## What is needed
Find the line containing "Commit message: plytka" in the records below. Copy exactly that line and each one after it, ending at the line containing "[diagram v2b: part", and nothing more.

Stored entries:
● ● ● ● ● ● ●

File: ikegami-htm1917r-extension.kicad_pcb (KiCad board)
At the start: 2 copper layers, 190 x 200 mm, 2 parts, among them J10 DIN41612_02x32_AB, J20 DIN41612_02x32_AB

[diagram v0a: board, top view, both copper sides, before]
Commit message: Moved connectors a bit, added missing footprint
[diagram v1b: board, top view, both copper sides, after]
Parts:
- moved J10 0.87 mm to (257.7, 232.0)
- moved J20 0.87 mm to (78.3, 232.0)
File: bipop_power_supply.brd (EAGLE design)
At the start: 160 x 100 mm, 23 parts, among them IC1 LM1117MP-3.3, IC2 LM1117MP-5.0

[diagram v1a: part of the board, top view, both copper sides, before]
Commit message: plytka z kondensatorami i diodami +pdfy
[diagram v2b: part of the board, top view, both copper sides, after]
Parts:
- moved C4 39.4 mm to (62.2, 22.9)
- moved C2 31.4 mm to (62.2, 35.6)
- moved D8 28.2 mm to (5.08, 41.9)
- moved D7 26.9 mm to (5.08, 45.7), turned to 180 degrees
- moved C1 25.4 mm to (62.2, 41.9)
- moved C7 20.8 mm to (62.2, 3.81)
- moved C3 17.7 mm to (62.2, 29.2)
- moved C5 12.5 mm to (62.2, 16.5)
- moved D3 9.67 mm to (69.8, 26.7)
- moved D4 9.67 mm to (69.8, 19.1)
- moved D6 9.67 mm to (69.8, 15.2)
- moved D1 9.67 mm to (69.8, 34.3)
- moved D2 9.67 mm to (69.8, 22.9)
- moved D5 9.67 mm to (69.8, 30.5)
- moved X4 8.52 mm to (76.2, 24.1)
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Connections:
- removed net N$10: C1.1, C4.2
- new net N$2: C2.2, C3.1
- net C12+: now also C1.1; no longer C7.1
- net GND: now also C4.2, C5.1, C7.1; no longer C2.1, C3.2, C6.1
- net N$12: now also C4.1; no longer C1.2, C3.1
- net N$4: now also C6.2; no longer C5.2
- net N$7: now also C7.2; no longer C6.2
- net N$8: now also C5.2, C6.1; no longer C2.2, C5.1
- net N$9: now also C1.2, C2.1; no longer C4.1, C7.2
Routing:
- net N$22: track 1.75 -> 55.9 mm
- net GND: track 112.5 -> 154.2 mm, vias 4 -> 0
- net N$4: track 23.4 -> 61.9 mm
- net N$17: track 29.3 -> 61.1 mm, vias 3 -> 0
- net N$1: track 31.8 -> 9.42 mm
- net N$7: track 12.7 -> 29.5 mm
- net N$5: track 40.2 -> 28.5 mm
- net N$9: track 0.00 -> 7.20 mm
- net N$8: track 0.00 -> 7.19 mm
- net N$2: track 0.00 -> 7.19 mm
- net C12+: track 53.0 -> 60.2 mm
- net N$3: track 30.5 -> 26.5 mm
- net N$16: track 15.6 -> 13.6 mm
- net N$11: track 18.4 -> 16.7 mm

● ● ● ● ● ● ●

## Finished exercise
Commit message: plytka z kondensatorami i diodami +pdfy
[diagram v2b: part of the board, top view, both copper sides, after]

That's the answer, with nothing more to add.